Wisdom of the saints about the Church (part 6)

“So it falls out that in this world, in evil days like these, the Church walks onward like a wayfarer stricken by the world’s hostility, but comforted by the mercy of God. Nor does this state of affairs date only from the days of Christ’s and His Apostles’ presence on earth. It was never any different from the days when the first just man, Abel, was slain by his ungodly brother. So it shall be until this world is no more.” St. Augustine of Hippo (4th-5th centuries, Doctor of the Church)

“Nor can any degree of cruelty destroy the religion that is founded on the mystery of Christ’s cross. Persecution does not diminish but increase the Church, and the Lord’s field is clothed with an ever-richer crop, while the grains, which fall singly, spring up and are multiplied a hundredfold.” Pope St. Leo the Great (5th century, Doctor of the Church)

“The Church is the temple of God, a sacred space, a house of prayer, the convocation of people, the Body of Christ…. She is Heaven on earth where the transcendent God dwells as if in His own home and passes through, but she is also an impression made of the Crucifixion, the tomb and the Resurrection…. The Church is God’s house in which the life-giving mystical sacrifice is celebrated, at the same time the most intimate part of the shrine and sacred grotto. Within her in fact the sepulchre and the table are found, nourishment for the soul and a guarantee of life. In her, lastly, are found those true and proper precious pearls which are the divine dogmas of teaching that the Lord offered directly to His disciples” St. Germanus of Constantinople (7th-8th centuries)

“I have one word more, worth taking to heart…Heretics are called heretics, because they pick and choose at will which of the articles of the faith they decide are deserving of belief, and dismiss or deny others. Catholics are Catholics, because they accept unchoosingly, unreservedly and with equal firmness, everything which the Church proposes for belief.” St. Francis de Sales (16th-17th centuries, Doctor of the Church)

“The Church aims, not at making a show, but at doing a work. She regards this world, and all that is in it, as a mere shadow, as dust and ashes, compared with the value of one single soul.” St. John Henry Newman (19th century)

“[Christ] planted in the human race the little grain of mustard seed, which was destined to grow and to shelter all generations – namely, the Church, which continues always Her slow and painful growth, and will last until the end of the world.” Servant of God Elisabeth Leseur (19th-20th centuries)

“’Serviam!’ – ‘I will serve!’ That cry is your determination to serve the Church of God faithfully, even at the cost of fortune, of honor and of life.” St. Josemaria Escriva (10th-20th centuries)

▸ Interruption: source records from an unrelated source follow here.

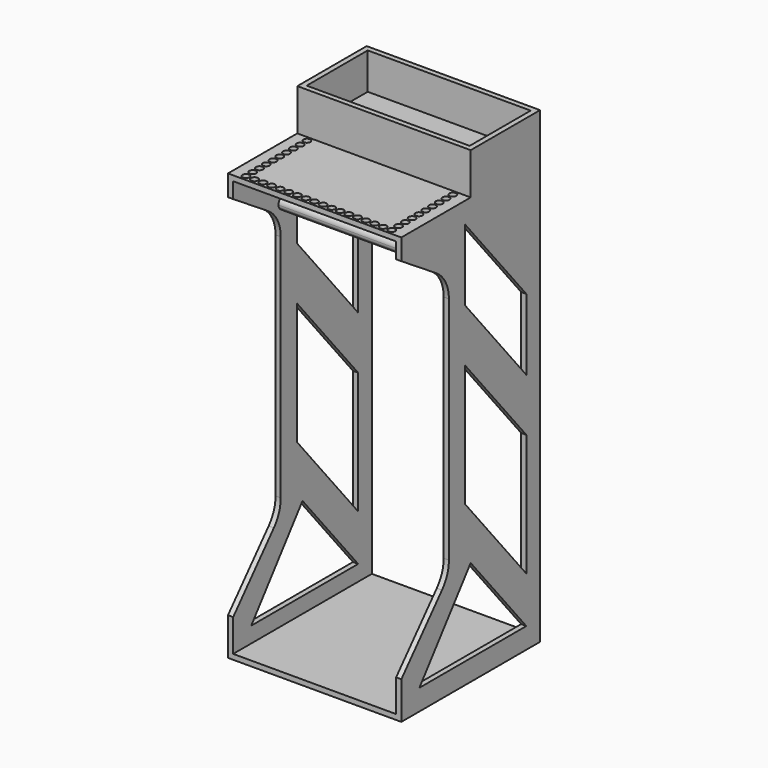
from build123d import *

# Parameters (mm, degrees)
F0_W      = 500
F0_H      = 500
F1_DEPTH  = 15
F2_W      = 15
F2_H      = 500
F3_DEPTH  = 1200
F5_DEPTH  = 500
F6_W      = 500
F6_H      = 500
F7_DEPTH  = 15
F8_W      = 500
F8_H      = 250
F9_DEPTH  = 120
F10_W     = 470
F10_H     = 220
F11_DEPTH = 105
F12_R     = 10
F13_DEPTH = 25
F15_DEPTH = 25
F17_DEPTH = 25
F19_DEPTH = 500


with BuildPart() as f1:
    # F0 (on Top) → F1 (new body)
    with BuildSketch(Plane.XY):
        Rectangle(F0_W, F0_H)
    extrude(amount=F1_DEPTH)

    # F2 (on face) → F3 (join)
    with BuildSketch(Plane.XY.offset(15)):
        with Locations((-242.5, 0)):
            Rectangle(F2_W, F2_H)
        with Locations((242.5, 0)):
            Rectangle(F2_W, F2_H)
    extrude(amount=F3_DEPTH)

    # F4 (on face) → F5 (cut)
    with BuildSketch(Plane(origin=(-250, 0, 0), x_dir=(0, -1, 0), z_dir=(-1, 0, 0))):
        with BuildLine():
            Line((250, 108.3225146088), (250, 1169.652935098))
            Line((250, 1169.652935098), (124.1641795165, 1088.1852527777))
            ThreePointArc((124.1641795165, 1088.1852527777), (90.6620527914, 1052.0193626432), (78.5102322698, 1004.241780428))
            Line((78.5102322698, 1004.241780428), (78.5102322698, 341.1126717917))
            ThreePointArc((78.5102322698, 341.1126717917), (84.9402448732, 305.8329685815), (103.4033814418, 275.090244097))
            Line((103.4033814418, 275.090244097), (250, 108.3225146088))
        make_face()
    extrude(amount=-F5_DEPTH, mode=Mode.SUBTRACT)

    # F6 (on face) → F7 (join)
    with BuildSketch(Plane.XY.offset(1215)):
        Rectangle(F6_W, F6_H)
    extrude(amount=F7_DEPTH)

    # F8 (on face) → F9 (join)
    with BuildSketch(Plane.XY.offset(1230)):
        with Locations((0, 125)):
            Rectangle(F8_W, F8_H)
    extrude(amount=F9_DEPTH)

    # F10 (on face) → F11 (cut)
    with BuildSketch(Plane.XY.offset(1350)):
        with Locations((0, 125)):
            Rectangle(F10_W, F10_H)
    extrude(amount=-F11_DEPTH, mode=Mode.SUBTRACT)

    # F12 (on face) → F13 (cut)
    with BuildSketch(Plane.XY.offset(1230)):
        with Locations((-210.25, -235)):
            Circle(F12_R)
        with Locations((-185.5, -235)):
            Circle(F12_R)
        with Locations((-160.75, -235)):
            Circle(F12_R)
        with Locations((-136, -235)):
            Circle(F12_R)
        with Locations((-111.25, -235)):
            Circle(F12_R)
        with Locations((-86.5, -235)):
            Circle(F12_R)
        with Locations((-61.75, -235)):
            Circle(F12_R)
        with Locations((-37, -235)):
            Circle(F12_R)
        with Locations((-12.25, -235)):
            Circle(F12_R)
        with Locations((12.5, -235)):
            Circle(F12_R)
        with Locations((37.25, -235)):
            Circle(F12_R)
        with Locations((62, -235)):
            Circle(F12_R)
        with Locations((86.75, -235)):
            Circle(F12_R)
        with Locations((111.5, -235)):
            Circle(F12_R)
        with Locations((136.25, -235)):
            Circle(F12_R)
        with Locations((161, -235)):
            Circle(F12_R)
        with Locations((185.75, -235)):
            Circle(F12_R)
        with Locations((210.5, -235)):
            Circle(F12_R)
        with Locations((-210.2958800694, -210.5000429588)):
            Circle(F12_R)
        with Locations((-210.3417601387, -186.0000859177)):
            Circle(F12_R)
        with Locations((-210.3876402081, -161.5001288765)):
            Circle(F12_R)
        with Locations((-210.4335202775, -137.0001718353)):
            Circle(F12_R)
        with Locations((-210.4794003468, -112.5002147941)):
            Circle(F12_R)
        with Locations((-210.5252804162, -88.000257753)):
            Circle(F12_R)
        with Locations((-210.5711604856, -63.5003007118)):
            Circle(F12_R)
        with Locations((-210.6170405549, -39.0003436706)):
            Circle(F12_R)
        with Locations((-210.6629206243, -14.5003866295)):
            Circle(F12_R)
        with Locations((210.4541199306, -210.5000429588)):
            Circle(F12_R)
        with Locations((210.4082398613, -186.0000859177)):
            Circle(F12_R)
        with Locations((210.3623597919, -161.5001288765)):
            Circle(F12_R)
        with Locations((210.3164797225, -137.0001718353)):
            Circle(F12_R)
        with Locations((210.2705996532, -112.5002147941)):
            Circle(F12_R)
        with Locations((210.2247195838, -88.000257753)):
            Circle(F12_R)
        with Locations((210.1788395144, -63.5003007118)):
            Circle(F12_R)
        with Locations((210.1329594451, -39.0003436706)):
            Circle(F12_R)
        with Locations((210.0870793757, -14.5003866295)):
            Circle(F12_R)
    extrude(amount=-F13_DEPTH, mode=Mode.SUBTRACT)

    # F14 (on face) → F15 (cut)
    with BuildSketch(Plane(origin=(-250, 0, 0), x_dir=(0, -1, 0), z_dir=(-1, 0, 0))):
        Polygon((0, 301.9825816154), (-200.6096243858, 60.1997859776), (184.8411858082, 60.1997859776), align=None)
        Polygon((-200.6096243858, 545.617259301), (-200.6096243858, 193.3555305004), (20.2688685386, 459.5671825039), (20.2688685386, 811.8289113045), align=None)
        Polygon((-200.6096243858, 903.4412830945), (-200.6096243858, 697.9457139969), (20.2688685386, 964.1573660004), (20.2688685386, 1169.652935098), align=None)
    extrude(amount=-F15_DEPTH, mode=Mode.SUBTRACT)

    # F16 (on face) → F17 (cut)
    with BuildSketch(Plane.YZ.offset(250)):
        Polygon((200.6096243858, 903.4412830945), (-20.2688685386, 1169.652935098), (-20.2688685386, 964.1573660004), (200.6096243858, 697.9457139969), align=None)
        Polygon((200.6096243858, 545.617259301), (-20.2688685386, 811.8289113045), (-20.2688685386, 459.5671825039), (200.6096243858, 193.3555305004), align=None)
        Polygon((200.6096243858, 60.1997859776), (0, 301.9825816154), (-184.8411858082, 60.1997859776), align=None)
    extrude(amount=-F17_DEPTH, mode=Mode.SUBTRACT)

    # F18 (on face) → F19 (join)
    with BuildSketch(Plane(origin=(-250, 0, 0), x_dir=(0, -1, 0), z_dir=(-1, 0, 0))):
        with BuildLine():
            add(Edge.make_bspline(
                [(53.9202547284, 1096.9846327727), (54.7732887858, 1098.0347093312), (55.4434477794, 1099.2897070818), (56.4611232834, 1100.4414988147)],
                knots=[0, 0, 0, 0, 0.0893664626, 0.0893664626, 0.0893664626, 0.0893664626], degree=3))
            ThreePointArc((53.9202547284, 1096.9846327727), (58.7459698854, 1074.3814357408), (81.7806412913, 1076.2777363651))
            add(Edge.make_bspline(
                [(81.7806412913, 1076.2777363651), (82.0130700174, 1076.5925295791), (82.3047431486, 1076.8573193246), (82.629787133, 1077.224659717)],
                knots=[0, 0, 0, 0, 0.0708567707, 0.0708567707, 0.0708567707, 0.0708567707], degree=3))
            ThreePointArc((82.629787133, 1077.224659717), (83.3571621202, 1078.1603319134), (84.0195396019, 1079.1430897184))
            add(Edge.make_bspline(
                [(84.0195396019, 1079.1430897183), (84.4659025247, 1079.8776865412), (84.8451263222, 1080.6456217553), (85.1639807224, 1081.2907218933)],
                knots=[0.1675578427, 0.1675578427, 0.1675578427, 0.1675578427, 0.2655687466, 0.2655687466, 0.2655687466, 0.2655687466], degree=3))
            ThreePointArc((85.1639807224, 1081.2907218933), (86.3005857895, 1084.7786499445), (86.6850861658, 1088.4268923473))
            ThreePointArc((86.6850861658, 1088.4268923473), (79.4162565109, 1102.6245383975), (63.6481543522, 1105.0278678033))
            add(Edge.make_bspline(
                [(60.3427219255, 1103.5286337913), (61.44755319, 1104.15284537), (62.4027767886, 1104.4920782739), (63.6481543522, 1105.0278678033)],
                knots=[0.1854516751, 0.1854516751, 0.1854516751, 0.1854516751, 0.2676496457, 0.2676496457, 0.2676496457, 0.2676496457], degree=3))
            ThreePointArc((60.3427219255, 1103.5286337913), (58.2920050139, 1102.1232708109), (56.4611232834, 1100.4414988147))
        make_face()
        with BuildLine():
            ThreePointArc((56.4611232834, 1100.4414988147), (55.0843545331, 1098.7912238464), (53.9202547284, 1096.9846327727))
            add(Edge.make_bspline(
                [(53.9202547284, 1096.9846327727), (54.7732887858, 1098.0347093312), (55.4434477794, 1099.2897070818), (56.4611232834, 1100.4414988147)],
                knots=[0, 0, 0, 0, 0.0893664626, 0.0893664626, 0.0893664626, 0.0893664626], degree=3))
        make_face()
        with BuildLine():
            add(Edge.make_bspline(
                [(81.7806412913, 1076.2777363651), (82.0130700174, 1076.5925295791), (82.3047431486, 1076.8573193246), (82.629787133, 1077.224659717)],
                knots=[0, 0, 0, 0, 0.0708567707, 0.0708567707, 0.0708567707, 0.0708567707], degree=3))
            ThreePointArc((81.7806412913, 1076.2777363651), (82.2138198073, 1076.7434810433), (82.629787133, 1077.224659717))
        make_face()
        with BuildLine():
            add(Edge.make_bspline(
                [(56.4611232834, 1100.4414988147), (57.5553096742, 1101.6798845617), (59.0512308325, 1102.798962465), (60.3427219255, 1103.5286337913)],
                knots=[0.0893664626, 0.0893664626, 0.0893664626, 0.0893664626, 0.1854516751, 0.1854516751, 0.1854516751, 0.1854516751], degree=3))
            ThreePointArc((56.4611232834, 1100.4414988147), (58.2920050139, 1102.1232708109), (60.3427219255, 1103.5286337913))
        make_face()
        with BuildLine():
            ThreePointArc((63.6481543522, 1105.0278678033), (61.956464969, 1104.3641767958), (60.3427219255, 1103.5286337913))
            add(Edge.make_bspline(
                [(60.3427219255, 1103.5286337913), (61.44755319, 1104.15284537), (62.4027767886, 1104.4920782739), (63.6481543522, 1105.0278678033)],
                knots=[0.1854516751, 0.1854516751, 0.1854516751, 0.1854516751, 0.2676496457, 0.2676496457, 0.2676496457, 0.2676496457], degree=3))
        make_face()
        with BuildLine():
            add(Edge.make_bspline(
                [(84.0195396019, 1079.1430897183), (84.4659025247, 1079.8776865412), (84.8451263222, 1080.6456217553), (85.1639807224, 1081.2907218933)],
                knots=[0.1675578427, 0.1675578427, 0.1675578427, 0.1675578427, 0.2655687466, 0.2655687466, 0.2655687466, 0.2655687466], degree=3))
            ThreePointArc((84.0195396019, 1079.1430897184), (84.6291363023, 1080.1969886188), (85.1639807224, 1081.2907218933))
        make_face()
    extrude(amount=-F19_DEPTH)


solid = f1.part

“Fundamentalism assumes that the Bible is fundamental. Catholicism retorts…that the Bible is not a book but a collection of books, and hence the question more fundamental than Fundamentalism is: Who gathered the books together, and declared that they would constitute a Bible, and be regarded as the revealed Word of God? To answer this question is to get to a body beyond a book, namely, a Church with a spirit for Pentecost was not the descent of books on the heads of the Apostles but the descent of tongues. From that day on it was to be a tongue and a voice, and not a book, that would be fundamental in religion.” Ven. Fulton Sheen (19th-20th centuries)

“In the midst of the problems, disappointments and hopes, desertions and returns of these times of ours, the Church remains faithful to the mystery of her birth. While it is an historical fact that the Church came forth from the Upper Room on the day of Pentecost, in a certain sense one can say that she has never left it. Spiritually the event of Pentecost does not belong only to the past: the Church is always in the Upper Room that she bears in her heart.” Pope St. John Paul II (20th-21st centuries)

“Do not be surprised when you see people seeking to destroy the Church. They would like to kill Christ again, but since they cannot do so, they seek to destroy the Church, His Mystical Body.” Ven. Francis Xavier Nguyen Van Thuan (20th-21st centuries)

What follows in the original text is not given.